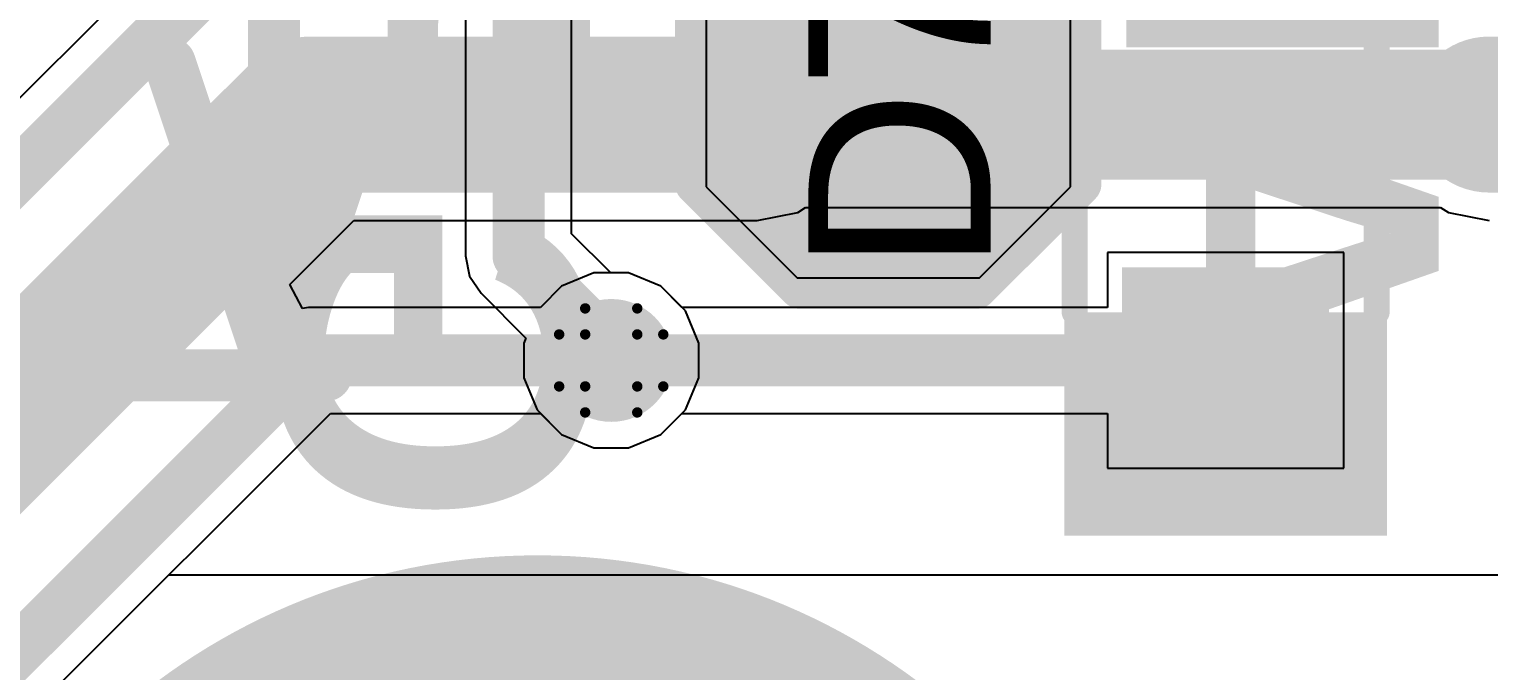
# Model space of a CAD drawing. Header units: inches. Extents: x -25 to 271, y -41 to 15.
# Drawn here: x 60.02 to 67.14, y -28.46 to -25.33 of the extents above; entities that cross this region are included whole.
import ezdxf

# ---------------------------------------------------------------- set-up
doc = ezdxf.new("R2010")
doc.units = ezdxf.units.IN
for name, color, linetype in [('Bottom Layer', 5, 'Continuous'), ('Bottom Overlay', 54, 'Continuous'), ('Bottom Paste', 16, 'Continuous'), ('Bottom Solder', 6, 'Continuous'), ('Dimensions', 6, 'Continuous'), ('Drill Drawing', 1, 'Continuous'), ('Multi-Layer', 9, 'Continuous'), ('Pad Holes', 156, 'Continuous'), ('Top Layer', 1, 'Continuous'), ('Top Overlay', 2, 'Continuous'), ('Top Paste', 8, 'Continuous'), ('Top Solder', 216, 'Continuous'), ('Via Holes', 16, 'Continuous')]:
    doc.layers.add(name, color=color, linetype=linetype)
doc.styles.add('Arial', font='', dxfattribs={"height": 0.2})
doc.styles.add('Arial_Bold', font='', dxfattribs={"height": 0.2})
doc.styles.get('Arial').set_extended_font_data('Arial')
doc.styles.get('Arial_Bold').set_extended_font_data('Arial', bold=True)

# ---------------------------------------------------------------- blocks, each defined once
blk = doc.blocks.new('T__________B_1')
at = {"layer": 'Bottom Layer'}
blk.add_hatch(color=5, dxfattribs=at).paths.add_polyline_path([(0.381, 0.762), (-0.381, 0.762), (-0.762, 0.381), (-0.762, -0.381), (-0.381, -0.762), (0.381, -0.762), (0.762, -0.381), (0.762, 0.381)])
at = {"layer": 'Bottom Paste'}
blk.add_hatch(color=16, dxfattribs=at).paths.add_polyline_path([(0.381, 0.762), (-0.381, 0.762), (-0.762, 0.381), (-0.762, -0.381), (-0.381, -0.762), (0.381, -0.762), (0.762, -0.381), (0.762, 0.381)])
at = {"layer": 'Bottom Solder'}
blk.add_hatch(color=6, dxfattribs=at).paths.add_polyline_path([(0.4318, 0.8636), (-0.4318, 0.8636), (-0.8636, 0.4318), (-0.8636, -0.4318), (-0.4318, -0.8636), (0.4318, -0.8636), (0.8636, -0.4318), (0.8636, 0.4318)])
at = {"layer": 'Bottom Overlay'}
for points in [[(-0.4318, 0.9398, 0.2, 0.2, 0), (-0.9398, 0.4318, 0.2, 0.2, 0)], [(0.4318, 0.9398, 0.2, 0.2, 0), (-0.4318, 0.9398, 0.2, 0.2, 0)], [(0.9398, 0.4318, 0.2, 0.2, 0), (0.4318, 0.9398, 0.2, 0.2, 0)], [(-0.9398, 0.4318, 0.2, 0.2, 0), (-0.9398, -0.4318, 0.2, 0.2, 0)], [(0.9398, 0.4318, 0.2, 0.2, 0), (0.9398, -0.4318, 0.2, 0.2, 0)], [(-0.4318, -0.9398, 0.2, 0.2, 0), (-0.9398, -0.4318, 0.2, 0.2, 0)], [(0.9398, -0.4318, 0.2, 0.2, 0), (0.4318, -0.9398, 0.2, 0.2, 0)], [(0.4318, -0.9398, 0.2, 0.2, 0), (-0.4318, -0.9398, 0.2, 0.2, 0)]]:
    blk.add_lwpolyline(points, format="xyseb", dxfattribs=at)
for points in [[(-0.4818, 0.9398, 0.1, 0.1, 1), (-0.3818, 0.9398, 0.1, 0.1, 1)], [(-0.4818, 0.9398, 0.1, 0.1, 1), (-0.3818, 0.9398, 0.1, 0.1, 1)], [(0.3818, 0.9398, 0.1, 0.1, 1), (0.4818, 0.9398, 0.1, 0.1, 1)], [(0.3818, 0.9398, 0.1, 0.1, 1), (0.4818, 0.9398, 0.1, 0.1, 1)], [(-0.9898, 0.4318, 0.1, 0.1, 1), (-0.8898, 0.4318, 0.1, 0.1, 1)], [(-0.9898, 0.4318, 0.1, 0.1, 1), (-0.8898, 0.4318, 0.1, 0.1, 1)], [(0.8898, 0.4318, 0.1, 0.1, 1), (0.9898, 0.4318, 0.1, 0.1, 1)], [(0.8898, 0.4318, 0.1, 0.1, 1), (0.9898, 0.4318, 0.1, 0.1, 1)], [(-0.9898, -0.4318, 0.1, 0.1, 1), (-0.8898, -0.4318, 0.1, 0.1, 1)], [(-0.9898, -0.4318, 0.1, 0.1, 1), (-0.8898, -0.4318, 0.1, 0.1, 1)], [(0.8898, -0.4318, 0.1, 0.1, 1), (0.9898, -0.4318, 0.1, 0.1, 1)], [(0.8898, -0.4318, 0.1, 0.1, 1), (0.9898, -0.4318, 0.1, 0.1, 1)], [(-0.4818, -0.9398, 0.1, 0.1, 1), (-0.3818, -0.9398, 0.1, 0.1, 1)], [(-0.4818, -0.9398, 0.1, 0.1, 1), (-0.3818, -0.9398, 0.1, 0.1, 1)], [(0.3818, -0.9398, 0.1, 0.1, 1), (0.4818, -0.9398, 0.1, 0.1, 1)], [(0.3818, -0.9398, 0.1, 0.1, 1), (0.4818, -0.9398, 0.1, 0.1, 1)]]:
    blk.add_lwpolyline(points, format="xyseb", close=True, dxfattribs=at)
blk = doc.blocks.new('SPACER_9')
at = {"layer": 'Bottom Layer'}
h = blk.add_hatch(color=5, dxfattribs=at)
edge = h.paths.add_edge_path()
edge.add_arc((0, 0), 3, 0, 360)
at = {"layer": 'Bottom Solder'}
h = blk.add_hatch(color=6, dxfattribs=at)
edge = h.paths.add_edge_path()
edge.add_arc((0, 0), 3.1016, 0, 360)
at = {"layer": 'Multi-Layer'}
h = blk.add_hatch(color=9, dxfattribs=at)
edge = h.paths.add_edge_path()
edge.add_arc((0, 0), 3, 0, 360)
at = {"layer": 'Pad Holes'}
h = blk.add_hatch(color=7, dxfattribs=at)
edge = h.paths.add_edge_path()
edge.add_arc((0, 0), 1.85, 0, 360)
at = {"layer": 'Top Layer'}
h = blk.add_hatch(color=1, dxfattribs=at)
edge = h.paths.add_edge_path()
edge.add_arc((0, 0), 3, 0, 360)
at = {"layer": 'Top Solder'}
h = blk.add_hatch(color=216, dxfattribs=at)
edge = h.paths.add_edge_path()
edge.add_arc((0, 0), 3.1016, 0, 360)
blk = doc.blocks.new('SOD_323_65')
at = {"layer": 'Top Layer'}
for points in [[(-0.75, -0.45), (-1.55, -0.45), (-1.55, 0.45), (-0.75, 0.45)], [(1.55, -0.45), (0.75, -0.45), (0.75, 0.45), (1.55, 0.45)]]:
    blk.add_hatch(color=1, dxfattribs=at).paths.add_polyline_path(points)
at = {"layer": 'Top Overlay'}
for points in [[(-2.0066, 0.4826), (-0.9144, 0.4826), (-0.9144, 0.7874), (-2.0066, 0.7874)], [(-2.0066, -0.508), (-1.5748, -0.508), (-1.5748, 0.508), (-2.0066, 0.508)], [(-2.0066, -0.7874), (-0.9144, -0.7874), (-0.9144, -0.4826), (-2.0066, -0.4826)]]:
    blk.add_hatch(color=2, dxfattribs=at).paths.add_polyline_path(points)
at = {"layer": 'Top Paste'}
for points in [[(-0.75, -0.45), (-1.55, -0.45), (-1.55, 0.45), (-0.75, 0.45)], [(1.55, -0.45), (0.75, -0.45), (0.75, 0.45), (1.55, 0.45)]]:
    blk.add_hatch(color=8, dxfattribs=at).paths.add_polyline_path(points)
at = {"layer": 'Top Solder'}
for points in [[(-0.695, -0.505), (-1.605, -0.505), (-1.605, 0.505), (-0.695, 0.505)], [(1.605, -0.505), (0.695, -0.505), (0.695, 0.505), (1.605, 0.505)]]:
    blk.add_hatch(color=216, dxfattribs=at).paths.add_polyline_path(points)
at = {"layer": 'Top Overlay'}
for points in [[(-0.9144, 0.7366, 0.127, 0.127, 0), (0.9398, 0.7366, 0.127, 0.127, 0)], [(0.9398, 0.7366, 0.127, 0.127, 0), (0.9398, 0.5588, 0.127, 0.127, 0)], [(0.9398, -0.5588, 0.127, 0.127, 0), (0.9398, -0.7366, 0.127, 0.127, 0)], [(-0.9144, -0.7366, 0.127, 0.127, 0), (0.9398, -0.7366, 0.127, 0.127, 0)]]:
    blk.add_lwpolyline(points, format="xyseb", dxfattribs=at)
for points in [[(-0.9461, 0.7366, 0.0635, 0.0635, 1), (-0.8827, 0.7366, 0.0635, 0.0635, 1)], [(0.908, 0.7366, 0.0635, 0.0635, 1), (0.9715, 0.7366, 0.0635, 0.0635, 1)], [(0.908, 0.7366, 0.0635, 0.0635, 1), (0.9715, 0.7366, 0.0635, 0.0635, 1)], [(0.908, 0.5588, 0.0635, 0.0635, 1), (0.9715, 0.5588, 0.0635, 0.0635, 1)], [(0.908, -0.5588, 0.0635, 0.0635, 1), (0.9715, -0.5588, 0.0635, 0.0635, 1)], [(-0.9461, -0.7366, 0.0635, 0.0635, 1), (-0.8827, -0.7366, 0.0635, 0.0635, 1)], [(0.908, -0.7366, 0.0635, 0.0635, 1), (0.9715, -0.7366, 0.0635, 0.0635, 1)], [(0.908, -0.7366, 0.0635, 0.0635, 1), (0.9715, -0.7366, 0.0635, 0.0635, 1)]]:
    blk.add_lwpolyline(points, format="xyseb", close=True, dxfattribs=at)

msp = doc.modelspace()

# ---------------------------------------------------------------- hatches: boundary and pattern name
at = {"layer": 'Bottom Layer'}
h = msp.add_hatch(color=5, dxfattribs=at)
edge = h.paths.add_edge_path()
edge.add_arc((62.8597, -26.9465), 0.3, 0, 360)
at = {"layer": 'Top Layer'}
h = msp.add_hatch(color=1, dxfattribs=at)
edge = h.paths.add_edge_path()
edge.add_arc((62.8597, -26.9465), 0.3, 0, 360)
at = {"layer": 'Via Holes'}
h = msp.add_hatch(color=7, dxfattribs=at)
edge = h.paths.add_edge_path()
edge.add_arc((62.8597, -26.9465), 0.15, 0, 360)

# ---------------------------------------------------------------- linework, layer by layer
at = {"layer": 'Bottom Layer'}
for p, q in [((62.1485, -21.163), (62.1485, -26.4356)), ((62.6665, -26.3283), (62.6665, -21.706)), ((63.3222, -25.2095), (63.3222, -26.0985)), ((65.1002, -26.0985), (65.1002, -25.2095)), ((63.3222, -26.0985), (63.7667, -26.543)), ((64.6557, -26.543), (65.1002, -26.0985)), ((62.8576, -26.5195), (62.6665, -26.3283)), ((62.1485, -26.4356), (62.1683, -26.5347)), ((62.1683, -26.5347), (62.2244, -26.6187)), ((62.9447, -26.5195), (62.8576, -26.5195)), ((63.1016, -26.5845), (62.9447, -26.5195)), ((63.7667, -26.543), (64.6557, -26.543)), ((62.2244, -26.6187), (62.4428, -26.8372)), ((63.2217, -26.7046), (63.1016, -26.5845)), ((63.2867, -26.8616), (63.2217, -26.7046)), ((62.4428, -26.8372), (62.4327, -26.8616)), ((62.4327, -26.8616), (62.4327, -27.0314)), ((63.2867, -27.0314), (63.2867, -26.8616)), ((62.4327, -27.0314), (62.4977, -27.1884)), ((63.2217, -27.1884), (63.2867, -27.0314)), ((62.4977, -27.1884), (62.6178, -27.3085)), ((63.1016, -27.3085), (63.2217, -27.1884)), ((62.6178, -27.3085), (62.7748, -27.3735)), ((62.9447, -27.3735), (63.1016, -27.3085)), ((62.7748, -27.3735), (62.9447, -27.3735))]:
    msp.add_line(p, q, dxfattribs=at)
for points in [[(62.4075, -26.4356, 0.254, 0.254, 0), (62.4075, -20.8181, 0.254, 0.254, 0)], [(64.7141, -25.4711, 0.127, 0.127, 0), (64.7141, -23.9573, 0.127, 0.127, 0)], [(64.7141, -25.4711, 0.127, 0.127, 0), (64.897, -25.654, 0.127, 0.127, 0)], [(62.4075, -26.4356, 0.254, 0.254, 0), (62.8597, -26.8878, 0.254, 0.254, 0)], [(62.8597, -26.9465, 0.254, 0.254, 0), (62.8597, -26.8878, 0.254, 0.254, 0)]]:
    msp.add_lwpolyline(points, format="xyseb", dxfattribs=at)
for points in [[(64.6824, -25.4711, 0.0635, 0.0635, 1), (64.7459, -25.4711, 0.0635, 0.0635, 1)], [(64.6824, -25.4711, 0.0635, 0.0635, 1), (64.7459, -25.4711, 0.0635, 0.0635, 1)], [(64.8652, -25.654, 0.0635, 0.0635, 1), (64.9287, -25.654, 0.0635, 0.0635, 1)], [(62.344, -26.4356, 0.127, 0.127, 1), (62.471, -26.4356, 0.127, 0.127, 1)], [(62.344, -26.4356, 0.127, 0.127, 1), (62.471, -26.4356, 0.127, 0.127, 1)], [(62.7962, -26.8878, 0.127, 0.127, 1), (62.9232, -26.8878, 0.127, 0.127, 1)], [(62.7962, -26.8878, 0.127, 0.127, 1), (62.9232, -26.8878, 0.127, 0.127, 1)], [(62.7962, -26.9465, 0.127, 0.127, 1), (62.9232, -26.9465, 0.127, 0.127, 1)]]:
    msp.add_lwpolyline(points, format="xyseb", close=True, dxfattribs=at)
at = {"layer": 'Bottom Overlay'}
msp.add_lwpolyline([(62.611, -25.654, 0.127, 0.127, 0), (63.2714, -25.654, 0.127, 0.127, 0)], format="xyseb", dxfattribs=at)
for points in [[(62.5793, -25.654, 0.0635, 0.0635, 1), (62.6427, -25.654, 0.0635, 0.0635, 1)], [(63.2396, -25.654, 0.0635, 0.0635, 1), (63.3032, -25.654, 0.0635, 0.0635, 1)]]:
    msp.add_lwpolyline(points, format="xyseb", close=True, dxfattribs=at)
at = {"layer": 'Dimensions'}
for points in [[(61.214, -27.019, 0.254, 0.254, 0), (61.214, -22.422, 0.254, 0.254, 0)], [(60.706, -25.495, 0.254, 0.254, 0), (61.214, -27.019, 0.254, 0.254, 0)], [(61.214, -27.019, 0.254, 0.254, 0), (61.722, -25.495, 0.254, 0.254, 0)], [(38.5291, -27.019, 0.254, 0.254, 0), (61.468, -27.019, 0.254, 0.254, 0)]]:
    msp.add_lwpolyline(points, format="xyseb", dxfattribs=at)
for points in [[(60.6425, -25.495, 0.127, 0.127, 1), (60.7695, -25.495, 0.127, 0.127, 1)], [(61.6585, -25.495, 0.127, 0.127, 1), (61.7855, -25.495, 0.127, 0.127, 1)], [(61.1505, -27.019, 0.127, 0.127, 1), (61.2775, -27.019, 0.127, 0.127, 1)], [(61.1505, -27.019, 0.127, 0.127, 1), (61.2775, -27.019, 0.127, 0.127, 1)], [(61.1505, -27.019, 0.127, 0.127, 1), (61.2775, -27.019, 0.127, 0.127, 1)], [(61.4045, -27.019, 0.127, 0.127, 1), (61.5315, -27.019, 0.127, 0.127, 1)]]:
    msp.add_lwpolyline(points, format="xyseb", close=True, dxfattribs=at)
at = {"layer": 'Drill Drawing'}
for points in [[(62.7327, -26.8195, 0.0508, 0.0508, 0), (62.7327, -26.6925, 0.0508, 0.0508, 0)], [(62.7327, -26.6925, 0.0508, 0.0508, 0), (62.9867, -26.6925, 0.0508, 0.0508, 0)], [(62.9867, -26.8195, 0.0508, 0.0508, 0), (62.9867, -26.6925, 0.0508, 0.0508, 0)], [(62.6057, -27.0735, 0.0508, 0.0508, 0), (62.6057, -26.8195, 0.0508, 0.0508, 0)], [(62.6057, -26.8195, 0.0508, 0.0508, 0), (62.7327, -26.8195, 0.0508, 0.0508, 0)], [(62.9867, -26.8195, 0.0508, 0.0508, 0), (63.1137, -26.8195, 0.0508, 0.0508, 0)], [(63.1137, -27.0735, 0.0508, 0.0508, 0), (63.1137, -26.8195, 0.0508, 0.0508, 0)], [(62.6057, -27.0735, 0.0508, 0.0508, 0), (62.7327, -27.0735, 0.0508, 0.0508, 0)], [(62.7327, -27.2005, 0.0508, 0.0508, 0), (62.7327, -27.0735, 0.0508, 0.0508, 0)], [(62.9867, -27.0735, 0.0508, 0.0508, 0), (63.1137, -27.0735, 0.0508, 0.0508, 0)], [(62.9867, -27.2005, 0.0508, 0.0508, 0), (62.9867, -27.0735, 0.0508, 0.0508, 0)], [(62.7327, -27.2005, 0.0508, 0.0508, 0), (62.9867, -27.2005, 0.0508, 0.0508, 0)]]:
    msp.add_lwpolyline(points, format="xyseb", dxfattribs=at)
for points in [[(62.72, -26.6925, 0.0254, 0.0254, 1), (62.7454, -26.6925, 0.0254, 0.0254, 1)], [(62.72, -26.6925, 0.0254, 0.0254, 1), (62.7454, -26.6925, 0.0254, 0.0254, 1)], [(62.974, -26.6925, 0.0254, 0.0254, 1), (62.9994, -26.6925, 0.0254, 0.0254, 1)], [(62.974, -26.6925, 0.0254, 0.0254, 1), (62.9994, -26.6925, 0.0254, 0.0254, 1)], [(62.593, -26.8195, 0.0254, 0.0254, 1), (62.6184, -26.8195, 0.0254, 0.0254, 1)], [(62.593, -26.8195, 0.0254, 0.0254, 1), (62.6184, -26.8195, 0.0254, 0.0254, 1)], [(62.72, -26.8195, 0.0254, 0.0254, 1), (62.7454, -26.8195, 0.0254, 0.0254, 1)], [(62.72, -26.8195, 0.0254, 0.0254, 1), (62.7454, -26.8195, 0.0254, 0.0254, 1)], [(62.974, -26.8195, 0.0254, 0.0254, 1), (62.9994, -26.8195, 0.0254, 0.0254, 1)], [(62.974, -26.8195, 0.0254, 0.0254, 1), (62.9994, -26.8195, 0.0254, 0.0254, 1)], [(63.101, -26.8195, 0.0254, 0.0254, 1), (63.1264, -26.8195, 0.0254, 0.0254, 1)], [(63.101, -26.8195, 0.0254, 0.0254, 1), (63.1264, -26.8195, 0.0254, 0.0254, 1)], [(62.593, -27.0735, 0.0254, 0.0254, 1), (62.6184, -27.0735, 0.0254, 0.0254, 1)], [(62.593, -27.0735, 0.0254, 0.0254, 1), (62.6184, -27.0735, 0.0254, 0.0254, 1)], [(62.72, -27.0735, 0.0254, 0.0254, 1), (62.7454, -27.0735, 0.0254, 0.0254, 1)], [(62.72, -27.0735, 0.0254, 0.0254, 1), (62.7454, -27.0735, 0.0254, 0.0254, 1)], [(62.974, -27.0735, 0.0254, 0.0254, 1), (62.9994, -27.0735, 0.0254, 0.0254, 1)], [(62.974, -27.0735, 0.0254, 0.0254, 1), (62.9994, -27.0735, 0.0254, 0.0254, 1)], [(63.101, -27.0735, 0.0254, 0.0254, 1), (63.1264, -27.0735, 0.0254, 0.0254, 1)], [(63.101, -27.0735, 0.0254, 0.0254, 1), (63.1264, -27.0735, 0.0254, 0.0254, 1)], [(62.72, -27.2005, 0.0254, 0.0254, 1), (62.7454, -27.2005, 0.0254, 0.0254, 1)], [(62.72, -27.2005, 0.0254, 0.0254, 1), (62.7454, -27.2005, 0.0254, 0.0254, 1)], [(62.974, -27.2005, 0.0254, 0.0254, 1), (62.9994, -27.2005, 0.0254, 0.0254, 1)], [(62.974, -27.2005, 0.0254, 0.0254, 1), (62.9994, -27.2005, 0.0254, 0.0254, 1)]]:
    msp.add_lwpolyline(points, format="xyseb", close=True, dxfattribs=at)
at = {"layer": 'Top Layer'}
for p, q in [((61.7469, -23.8915), (57.1954, -28.443)), ((63.7693, -26.2242), (63.8072, -26.1989)), ((63.8072, -26.1989), (66.906, -26.1989)), ((66.906, -26.1989), (66.9439, -26.2242)), ((61.2915, -26.5761), (61.604, -26.2636)), ((61.604, -26.2636), (63.5711, -26.2636)), ((63.5711, -26.2636), (63.7693, -26.2242)), ((66.9439, -26.2242), (67.1421, -26.2636)), ((66.4341, -26.4195), (65.2801, -26.4195)), ((65.2801, -26.4195), (65.2801, -26.6875)), ((66.4341, -27.4735), (66.4341, -26.4195)), ((62.7748, -26.5195), (62.6178, -26.5845)), ((62.9447, -26.5195), (62.7748, -26.5195)), ((63.1016, -26.5845), (62.9447, -26.5195)), ((61.3541, -26.6932), (61.2915, -26.5761)), ((62.6178, -26.5845), (62.5148, -26.6875)), ((63.2046, -26.6875), (63.1016, -26.5845)), ((61.3824, -26.6875), (61.3541, -26.6932)), ((62.5148, -26.6875), (61.3824, -26.6875)), ((65.2801, -26.6875), (63.2046, -26.6875)), ((57.9558, -30.7393), (61.4897, -27.2055)), ((61.4897, -27.2055), (62.5148, -27.2055)), ((62.5148, -27.2055), (62.6178, -27.3085)), ((63.1016, -27.3085), (63.2046, -27.2055)), ((63.2046, -27.2055), (65.2801, -27.2055)), ((65.2801, -27.2055), (65.2801, -27.4735)), ((62.6178, -27.3085), (62.7748, -27.3735)), ((62.9447, -27.3735), (63.1016, -27.3085)), ((62.7748, -27.3735), (62.9447, -27.3735)), ((65.2801, -27.4735), (66.4341, -27.4735)), ((57.9558, -30.7393), (60.7016, -27.9936)), ((60.7016, -27.9936), (70.9003, -27.9936))]:
    msp.add_line(p, q, dxfattribs=at)
for points in [[(57.3026, -28.702, 0.254, 0.254, 0), (62.0725, -23.9321, 0.254, 0.254, 0)], [(57.2774, -29.8577, 0.762, 0.762, 0), (61.3894, -25.7457, 0.762, 0.762, 0)], [(61.3894, -25.7457, 0.762, 0.762, 0), (63.5711, -25.7457, 0.762, 0.762, 0)], [(67.1421, -25.7457, 0.762, 0.762, 0), (69.7075, -25.7457, 0.762, 0.762, 0)], [(63.5711, -25.7457, 0.635, 0.635, 0), (67.1421, -25.7457, 0.635, 0.635, 0)], [(57.7727, -30.5562, 0.254, 0.254, 0), (61.3824, -26.9465, 0.254, 0.254, 0)], [(61.3824, -26.9465, 0.254, 0.254, 0), (65.8571, -26.9465, 0.254, 0.254, 0)]]:
    msp.add_lwpolyline(points, format="xyseb", dxfattribs=at)
for points in [[(61.1989, -25.7457, 0.381, 0.381, 1), (61.5799, -25.7457, 0.381, 0.381, 1)], [(61.1989, -25.7457, 0.381, 0.381, 1), (61.5799, -25.7457, 0.381, 0.381, 1)], [(63.3806, -25.7457, 0.381, 0.381, 1), (63.7616, -25.7457, 0.381, 0.381, 1)], [(66.9516, -25.7457, 0.381, 0.381, 1), (67.3326, -25.7457, 0.381, 0.381, 1)], [(63.4124, -25.7457, 0.3175, 0.3175, 1), (63.7299, -25.7457, 0.3175, 0.3175, 1)], [(66.9834, -25.7457, 0.3175, 0.3175, 1), (67.3009, -25.7457, 0.3175, 0.3175, 1)], [(61.3189, -26.9465, 0.127, 0.127, 1), (61.4459, -26.9465, 0.127, 0.127, 1)], [(61.3189, -26.9465, 0.127, 0.127, 1), (61.4459, -26.9465, 0.127, 0.127, 1)], [(65.7936, -26.9465, 0.127, 0.127, 1), (65.9206, -26.9465, 0.127, 0.127, 1)]]:
    msp.add_lwpolyline(points, format="xyseb", close=True, dxfattribs=at)

# ---------------------------------------------------------------- block references
for name, p, rotation in [('SOD_323_65', (65.8571, -25.7965), 90), ('T__________B_1', (64.2112, -25.654), 180)]:
    msp.add_blockref(name, p, dxfattribs=dict(rotation=rotation))
msp.add_blockref('SPACER_9', (62.5, -31))

# ---------------------------------------------------------------- texts
at = {"layer": 'Bottom Overlay', "style": 'Arial_Bold', "text_generation_flag": 2}
for s, p in [('GPIO23', (61.2323, -27.7622)), ('ADC0', (65.3725, -27.0965))]:
    msp.add_text(s, height=1.524, rotation=270, dxfattribs=at).set_placement(p)
at = {"layer": 'Top Overlay', "style": 'Arial'}
msp.add_text('D7', height=0.889, rotation=90, dxfattribs=at).set_placement((64.7104, -26.5202))

doc.saveas('drawing.dxf')
_ _ _
Using the entries above, copy out all lines that contain the string "Overlay".

(RESPONSE TO THIS EXERCISE)
for name, color, linetype in [('Bottom Layer', 5, 'Continuous'), ('Bottom Overlay', 54, 'Continuous'), ('Bottom Paste', 16, 'Continuous'), ('Bottom Solder', 6, 'Continuous'), ('Dimensions', 6, 'Continuous'), ('Drill Drawing', 1, 'Continuous'), ('Multi-Layer', 9, 'Continuous'), ('Pad Holes', 156, 'Continuous'), ('Top Layer', 1, 'Continuous'), ('Top Overlay', 2, 'Continuous'), ('Top Paste', 8, 'Continuous'), ('Top Solder', 216, 'Continuous'), ('Via Holes', 16, 'Continuous')]:
at = {"layer": 'Bottom Overlay'}
at = {"layer": 'Top Overlay'}
at = {"layer": 'Top Overlay'}
at = {"layer": 'Bottom Overlay'}
at = {"layer": 'Bottom Overlay', "style": 'Arial_Bold', "text_generation_flag": 2}
at = {"layer": 'Top Overlay', "style": 'Arial'}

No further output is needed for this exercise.